Nitpicking individual cases is letting the trees obscure the forest - these are game studios. Finding novel ways to manipulate customers is their job. Only a sweeping solution could possibly work.
For me, yeah, I agree. For someone else, maybe they do have value. Achievements are a particularly stupid example because you can automate getting them, but my point is that digital things can have value. Maybe they're sentimental (I did a hard thing and this proves it), or maybe they're resellable (rare item in a game, which can be traded).
Something physical that you value could have no value to someone else. Value is subjective.
As a libertarian, that's generally how I frame things, because if I can't justify it under the NAP, it's probably me forcing my values on others.
True, but isn't that true of pretty much everything if we zoom out enough? Politicians want to manipulate voters to get (re)elected, restaurants want to manipulate patrons to return, etc. We all have a selfish interest in getting others to do what we want.
There has to be a line at which point self-interest is "wrong" to the extent that we should use government to regulate it. I use the NAP to reason about that point, others use some other (often subjective) metric. This same line of reasoning could be used to ban porn games, games with self-harm, or games critical of a government.
Banning things is generally not what governments should be doing, they should practice restraint and only step in when someone's rights are violated or at risk of being violated.
Fixed the edit.
They literally cannot have the form of value in question. They're not real. However much you desire a goal in soccer, it's just a ball going through some posts. In some sense the entire concept is imaginary. We don't count when the ball goes back out. We could - we don't. It's arbitrary. All games work this way.
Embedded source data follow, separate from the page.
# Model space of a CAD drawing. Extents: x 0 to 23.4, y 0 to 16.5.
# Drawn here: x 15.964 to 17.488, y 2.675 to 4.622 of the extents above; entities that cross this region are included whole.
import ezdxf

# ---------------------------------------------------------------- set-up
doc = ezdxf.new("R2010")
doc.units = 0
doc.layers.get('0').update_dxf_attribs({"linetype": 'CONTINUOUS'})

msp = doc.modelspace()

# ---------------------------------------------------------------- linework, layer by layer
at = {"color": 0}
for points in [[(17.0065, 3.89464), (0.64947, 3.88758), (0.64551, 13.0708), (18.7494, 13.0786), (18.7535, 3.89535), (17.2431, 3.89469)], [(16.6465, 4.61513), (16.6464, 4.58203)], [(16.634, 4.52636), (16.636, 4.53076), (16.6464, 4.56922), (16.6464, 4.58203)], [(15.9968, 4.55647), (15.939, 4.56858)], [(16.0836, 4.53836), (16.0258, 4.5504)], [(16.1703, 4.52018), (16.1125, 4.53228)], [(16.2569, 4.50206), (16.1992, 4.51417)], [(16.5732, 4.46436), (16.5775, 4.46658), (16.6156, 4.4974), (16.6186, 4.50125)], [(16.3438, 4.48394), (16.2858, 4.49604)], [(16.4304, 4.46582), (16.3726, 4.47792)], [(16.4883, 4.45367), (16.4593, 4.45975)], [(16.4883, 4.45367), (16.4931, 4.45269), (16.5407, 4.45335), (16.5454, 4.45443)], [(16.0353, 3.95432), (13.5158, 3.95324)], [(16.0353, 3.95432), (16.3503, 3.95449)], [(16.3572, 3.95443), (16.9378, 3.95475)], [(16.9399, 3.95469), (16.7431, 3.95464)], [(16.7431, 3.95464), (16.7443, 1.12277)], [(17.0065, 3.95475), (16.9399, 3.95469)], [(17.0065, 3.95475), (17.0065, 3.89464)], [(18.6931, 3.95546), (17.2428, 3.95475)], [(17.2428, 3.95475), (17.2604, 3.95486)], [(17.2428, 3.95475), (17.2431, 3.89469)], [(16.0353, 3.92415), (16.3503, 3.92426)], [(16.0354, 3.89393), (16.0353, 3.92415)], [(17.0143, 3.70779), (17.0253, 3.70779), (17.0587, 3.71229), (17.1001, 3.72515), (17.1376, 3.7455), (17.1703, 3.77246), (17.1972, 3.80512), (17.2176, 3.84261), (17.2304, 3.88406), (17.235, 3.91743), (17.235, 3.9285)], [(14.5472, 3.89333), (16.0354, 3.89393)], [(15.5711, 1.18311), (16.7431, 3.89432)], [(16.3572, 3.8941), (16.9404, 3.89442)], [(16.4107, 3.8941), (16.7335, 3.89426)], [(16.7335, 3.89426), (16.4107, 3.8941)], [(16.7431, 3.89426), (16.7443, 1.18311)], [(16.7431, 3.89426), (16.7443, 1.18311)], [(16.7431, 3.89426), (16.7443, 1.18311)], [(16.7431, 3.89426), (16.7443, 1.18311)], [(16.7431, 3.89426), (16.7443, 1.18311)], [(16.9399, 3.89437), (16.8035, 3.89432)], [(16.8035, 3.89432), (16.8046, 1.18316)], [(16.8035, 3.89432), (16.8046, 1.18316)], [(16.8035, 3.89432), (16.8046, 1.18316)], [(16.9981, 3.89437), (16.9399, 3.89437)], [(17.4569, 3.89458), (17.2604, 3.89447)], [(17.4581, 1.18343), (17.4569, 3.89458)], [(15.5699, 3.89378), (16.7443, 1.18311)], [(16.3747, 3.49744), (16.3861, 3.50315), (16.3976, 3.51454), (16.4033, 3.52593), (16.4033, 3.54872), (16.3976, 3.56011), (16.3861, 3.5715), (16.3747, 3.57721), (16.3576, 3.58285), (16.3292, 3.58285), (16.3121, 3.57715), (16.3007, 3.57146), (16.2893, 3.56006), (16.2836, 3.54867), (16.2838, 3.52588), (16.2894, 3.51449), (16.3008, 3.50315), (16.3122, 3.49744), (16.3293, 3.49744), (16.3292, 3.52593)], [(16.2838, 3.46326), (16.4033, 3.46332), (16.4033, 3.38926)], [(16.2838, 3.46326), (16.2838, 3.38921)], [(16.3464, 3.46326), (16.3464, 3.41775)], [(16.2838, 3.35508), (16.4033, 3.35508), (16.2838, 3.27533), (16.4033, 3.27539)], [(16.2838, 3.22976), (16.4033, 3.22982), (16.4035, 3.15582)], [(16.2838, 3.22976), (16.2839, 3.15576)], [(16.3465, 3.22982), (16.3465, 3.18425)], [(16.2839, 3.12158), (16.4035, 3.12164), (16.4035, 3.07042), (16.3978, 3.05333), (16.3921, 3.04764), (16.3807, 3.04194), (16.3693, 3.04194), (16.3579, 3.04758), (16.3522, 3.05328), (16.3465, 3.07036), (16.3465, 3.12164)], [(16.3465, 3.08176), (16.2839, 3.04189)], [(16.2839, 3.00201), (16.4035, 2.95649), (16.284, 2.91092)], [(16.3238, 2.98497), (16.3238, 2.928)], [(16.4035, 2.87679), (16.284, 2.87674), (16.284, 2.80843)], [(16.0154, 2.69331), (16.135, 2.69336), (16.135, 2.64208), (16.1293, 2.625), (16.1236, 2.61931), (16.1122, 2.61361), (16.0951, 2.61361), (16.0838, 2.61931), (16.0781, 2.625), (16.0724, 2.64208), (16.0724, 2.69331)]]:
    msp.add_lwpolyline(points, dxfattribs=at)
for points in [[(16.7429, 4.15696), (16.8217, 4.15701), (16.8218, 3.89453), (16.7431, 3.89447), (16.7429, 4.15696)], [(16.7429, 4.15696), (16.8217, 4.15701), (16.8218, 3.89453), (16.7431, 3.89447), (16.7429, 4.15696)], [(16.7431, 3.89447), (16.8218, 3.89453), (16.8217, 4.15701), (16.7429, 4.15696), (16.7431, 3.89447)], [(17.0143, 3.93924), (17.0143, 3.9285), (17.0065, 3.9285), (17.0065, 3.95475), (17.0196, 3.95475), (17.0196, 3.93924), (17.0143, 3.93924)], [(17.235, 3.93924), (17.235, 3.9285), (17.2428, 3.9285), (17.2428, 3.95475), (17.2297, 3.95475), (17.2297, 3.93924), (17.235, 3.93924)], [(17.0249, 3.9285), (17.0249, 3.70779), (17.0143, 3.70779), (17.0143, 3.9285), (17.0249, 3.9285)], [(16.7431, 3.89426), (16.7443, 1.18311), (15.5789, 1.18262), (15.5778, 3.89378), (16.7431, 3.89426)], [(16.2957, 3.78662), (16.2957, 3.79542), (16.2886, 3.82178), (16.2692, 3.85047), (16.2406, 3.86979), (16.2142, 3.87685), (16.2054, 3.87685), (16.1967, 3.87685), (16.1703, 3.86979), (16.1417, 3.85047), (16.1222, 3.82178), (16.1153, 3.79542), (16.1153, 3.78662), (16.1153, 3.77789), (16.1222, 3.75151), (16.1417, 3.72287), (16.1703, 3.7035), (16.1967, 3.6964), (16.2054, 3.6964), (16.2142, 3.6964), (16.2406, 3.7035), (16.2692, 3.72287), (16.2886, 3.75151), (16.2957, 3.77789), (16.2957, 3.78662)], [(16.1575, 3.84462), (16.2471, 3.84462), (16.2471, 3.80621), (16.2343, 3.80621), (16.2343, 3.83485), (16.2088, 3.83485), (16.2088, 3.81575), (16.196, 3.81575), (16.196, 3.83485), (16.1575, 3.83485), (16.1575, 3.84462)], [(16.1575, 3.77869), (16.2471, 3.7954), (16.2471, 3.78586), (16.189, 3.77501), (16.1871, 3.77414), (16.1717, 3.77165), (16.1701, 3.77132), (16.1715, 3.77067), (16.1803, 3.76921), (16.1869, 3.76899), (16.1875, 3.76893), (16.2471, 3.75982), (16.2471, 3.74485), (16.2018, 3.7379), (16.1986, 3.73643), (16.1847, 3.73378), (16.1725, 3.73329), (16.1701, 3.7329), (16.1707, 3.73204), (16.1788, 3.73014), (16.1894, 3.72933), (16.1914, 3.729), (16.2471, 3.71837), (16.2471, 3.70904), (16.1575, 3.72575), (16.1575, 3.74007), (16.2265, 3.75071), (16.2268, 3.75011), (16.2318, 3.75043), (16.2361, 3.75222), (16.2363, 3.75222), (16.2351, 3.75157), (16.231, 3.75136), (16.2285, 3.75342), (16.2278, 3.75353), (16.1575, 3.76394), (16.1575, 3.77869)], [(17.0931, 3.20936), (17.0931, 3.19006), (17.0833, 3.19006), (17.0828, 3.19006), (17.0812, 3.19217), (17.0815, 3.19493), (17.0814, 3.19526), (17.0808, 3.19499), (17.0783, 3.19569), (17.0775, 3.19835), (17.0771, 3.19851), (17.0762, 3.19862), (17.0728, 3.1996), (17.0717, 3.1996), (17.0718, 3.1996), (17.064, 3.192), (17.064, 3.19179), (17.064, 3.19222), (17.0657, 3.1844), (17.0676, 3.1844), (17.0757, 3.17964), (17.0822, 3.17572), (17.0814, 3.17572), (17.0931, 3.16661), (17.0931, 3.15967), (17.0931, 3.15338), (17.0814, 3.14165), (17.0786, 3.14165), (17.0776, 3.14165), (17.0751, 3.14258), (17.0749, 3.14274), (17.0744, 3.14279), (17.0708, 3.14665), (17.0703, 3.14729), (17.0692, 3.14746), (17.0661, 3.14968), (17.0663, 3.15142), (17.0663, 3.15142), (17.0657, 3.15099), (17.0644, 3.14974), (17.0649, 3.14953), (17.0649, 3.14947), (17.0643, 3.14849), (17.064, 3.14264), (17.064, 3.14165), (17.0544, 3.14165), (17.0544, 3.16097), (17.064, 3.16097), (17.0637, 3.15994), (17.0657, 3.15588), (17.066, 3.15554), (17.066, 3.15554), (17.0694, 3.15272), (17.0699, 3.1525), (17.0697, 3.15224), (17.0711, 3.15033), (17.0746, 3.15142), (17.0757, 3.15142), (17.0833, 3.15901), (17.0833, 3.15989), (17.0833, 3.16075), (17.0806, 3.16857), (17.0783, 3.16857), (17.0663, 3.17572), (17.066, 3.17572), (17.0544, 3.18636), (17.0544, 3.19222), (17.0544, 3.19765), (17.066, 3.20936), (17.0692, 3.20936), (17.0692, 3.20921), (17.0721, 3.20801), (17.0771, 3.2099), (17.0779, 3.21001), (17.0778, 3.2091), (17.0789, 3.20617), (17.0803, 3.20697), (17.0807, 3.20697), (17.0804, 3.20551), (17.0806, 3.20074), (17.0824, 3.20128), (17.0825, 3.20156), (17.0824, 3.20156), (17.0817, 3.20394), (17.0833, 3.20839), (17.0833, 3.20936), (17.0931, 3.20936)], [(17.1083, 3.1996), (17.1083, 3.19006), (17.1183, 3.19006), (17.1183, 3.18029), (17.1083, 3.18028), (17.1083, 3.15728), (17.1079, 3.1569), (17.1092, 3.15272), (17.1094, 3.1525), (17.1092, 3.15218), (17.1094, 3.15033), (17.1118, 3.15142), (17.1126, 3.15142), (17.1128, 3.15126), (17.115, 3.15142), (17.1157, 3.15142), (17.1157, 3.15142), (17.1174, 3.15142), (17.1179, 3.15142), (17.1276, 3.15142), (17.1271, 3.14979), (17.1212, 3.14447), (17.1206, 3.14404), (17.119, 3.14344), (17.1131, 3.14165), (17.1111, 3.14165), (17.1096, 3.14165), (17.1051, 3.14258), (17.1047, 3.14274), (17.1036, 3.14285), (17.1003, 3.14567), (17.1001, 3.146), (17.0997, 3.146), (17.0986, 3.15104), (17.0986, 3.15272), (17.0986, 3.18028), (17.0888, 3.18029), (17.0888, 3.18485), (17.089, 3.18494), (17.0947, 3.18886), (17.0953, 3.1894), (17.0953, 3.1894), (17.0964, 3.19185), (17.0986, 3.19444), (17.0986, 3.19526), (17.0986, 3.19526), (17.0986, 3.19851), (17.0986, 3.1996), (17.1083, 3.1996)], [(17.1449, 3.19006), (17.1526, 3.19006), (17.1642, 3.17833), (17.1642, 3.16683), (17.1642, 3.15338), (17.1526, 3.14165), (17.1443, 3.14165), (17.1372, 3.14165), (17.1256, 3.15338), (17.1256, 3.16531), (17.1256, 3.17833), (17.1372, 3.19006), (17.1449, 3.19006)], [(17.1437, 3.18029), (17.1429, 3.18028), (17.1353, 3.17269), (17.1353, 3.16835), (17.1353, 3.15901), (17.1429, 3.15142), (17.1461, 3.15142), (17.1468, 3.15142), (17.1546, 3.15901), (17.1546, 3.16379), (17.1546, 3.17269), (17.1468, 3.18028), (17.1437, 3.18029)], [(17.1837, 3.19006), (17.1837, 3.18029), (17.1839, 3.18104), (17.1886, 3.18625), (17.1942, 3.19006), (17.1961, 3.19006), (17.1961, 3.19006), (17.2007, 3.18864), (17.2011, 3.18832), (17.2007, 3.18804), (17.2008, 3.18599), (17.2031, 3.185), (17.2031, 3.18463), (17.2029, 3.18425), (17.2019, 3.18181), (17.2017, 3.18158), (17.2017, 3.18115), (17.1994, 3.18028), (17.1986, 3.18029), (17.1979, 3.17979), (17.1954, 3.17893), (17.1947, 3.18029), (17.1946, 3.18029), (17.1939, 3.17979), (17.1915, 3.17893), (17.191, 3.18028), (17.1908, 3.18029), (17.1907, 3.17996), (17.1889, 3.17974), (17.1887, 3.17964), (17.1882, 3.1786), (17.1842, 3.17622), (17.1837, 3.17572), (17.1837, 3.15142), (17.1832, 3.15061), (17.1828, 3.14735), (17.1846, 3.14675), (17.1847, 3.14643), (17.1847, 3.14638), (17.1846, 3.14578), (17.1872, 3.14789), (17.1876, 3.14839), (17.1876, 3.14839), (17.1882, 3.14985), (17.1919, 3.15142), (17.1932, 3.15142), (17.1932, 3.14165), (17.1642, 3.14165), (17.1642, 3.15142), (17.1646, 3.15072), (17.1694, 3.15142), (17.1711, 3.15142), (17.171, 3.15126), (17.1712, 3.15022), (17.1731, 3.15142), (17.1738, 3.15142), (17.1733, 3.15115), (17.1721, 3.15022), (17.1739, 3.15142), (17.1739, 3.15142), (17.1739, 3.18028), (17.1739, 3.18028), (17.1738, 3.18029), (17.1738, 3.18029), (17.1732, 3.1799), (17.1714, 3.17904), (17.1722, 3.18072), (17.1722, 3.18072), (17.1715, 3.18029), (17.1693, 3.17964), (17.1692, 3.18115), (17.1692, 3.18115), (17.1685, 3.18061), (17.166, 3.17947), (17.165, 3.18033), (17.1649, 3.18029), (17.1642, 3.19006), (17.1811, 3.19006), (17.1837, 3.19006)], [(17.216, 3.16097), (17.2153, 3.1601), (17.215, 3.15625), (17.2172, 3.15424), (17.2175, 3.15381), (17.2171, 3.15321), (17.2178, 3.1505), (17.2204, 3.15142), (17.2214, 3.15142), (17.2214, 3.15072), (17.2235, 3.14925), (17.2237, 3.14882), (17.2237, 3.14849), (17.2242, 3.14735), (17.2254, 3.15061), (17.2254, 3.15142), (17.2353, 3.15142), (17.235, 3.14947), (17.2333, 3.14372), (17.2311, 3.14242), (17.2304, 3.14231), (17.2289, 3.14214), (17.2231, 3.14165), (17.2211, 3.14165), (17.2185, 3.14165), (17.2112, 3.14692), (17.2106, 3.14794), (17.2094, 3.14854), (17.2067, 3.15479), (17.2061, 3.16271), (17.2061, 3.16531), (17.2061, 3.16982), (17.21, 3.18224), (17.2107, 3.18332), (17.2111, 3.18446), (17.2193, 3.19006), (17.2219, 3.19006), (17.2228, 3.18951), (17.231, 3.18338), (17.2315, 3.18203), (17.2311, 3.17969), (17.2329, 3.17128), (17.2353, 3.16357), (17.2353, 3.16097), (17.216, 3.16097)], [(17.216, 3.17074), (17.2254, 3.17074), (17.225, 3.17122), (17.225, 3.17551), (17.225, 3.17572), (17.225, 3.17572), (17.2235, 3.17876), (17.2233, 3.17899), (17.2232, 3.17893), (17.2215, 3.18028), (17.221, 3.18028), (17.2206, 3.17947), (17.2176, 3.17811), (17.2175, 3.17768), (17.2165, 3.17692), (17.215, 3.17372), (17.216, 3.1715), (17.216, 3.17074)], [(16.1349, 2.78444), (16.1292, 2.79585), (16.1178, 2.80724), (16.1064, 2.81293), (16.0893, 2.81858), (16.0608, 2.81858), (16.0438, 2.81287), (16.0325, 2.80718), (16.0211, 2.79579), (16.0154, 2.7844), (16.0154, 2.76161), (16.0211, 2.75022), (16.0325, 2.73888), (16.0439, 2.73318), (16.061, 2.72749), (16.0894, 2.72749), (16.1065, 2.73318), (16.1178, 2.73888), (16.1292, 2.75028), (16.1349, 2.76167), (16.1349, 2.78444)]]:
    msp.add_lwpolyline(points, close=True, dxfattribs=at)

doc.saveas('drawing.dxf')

Any sense of pride and accomplishment, or whatever other justification you can name for how hard you enjoy your shelf of digital geegaws, is a product of the game exploiting your psychology. That's why affixing a price tag is immoral. You can be made to val-- to want, any damn thing. The more intrinsically worthless, the better... from the seller's perspective. You don't print a deed for the Brooklyn Bridge on the good paper.
My guy, the key word in that sentence was "novel." The point is that these abuses you now recognize as abuses will just be laundered into different forms. Like how we finally got rid of lootboxes, and the same problems ramped up under different gimmicks.
And now lootboxes are back. The only form of this bullshit that everyone recognized as bullshit, and they're just bringin' it right back, because hey guess what, your choices don't matter. They can tell you the stick gives you cancer and enough people will still buy it because they were tricked into forming an addiction.
Only legislation will fix this.
As if describing a hat with a timer as violence is obvious and rational.
You're trying to mesh the ideology you consider an identity with conclusions that feel undeniable. One of these things will not survive. In this thread, you've described retired cosmetics as a violation of people's rights - and justifying that is a stretch, when informed consent is the only tool in your bag.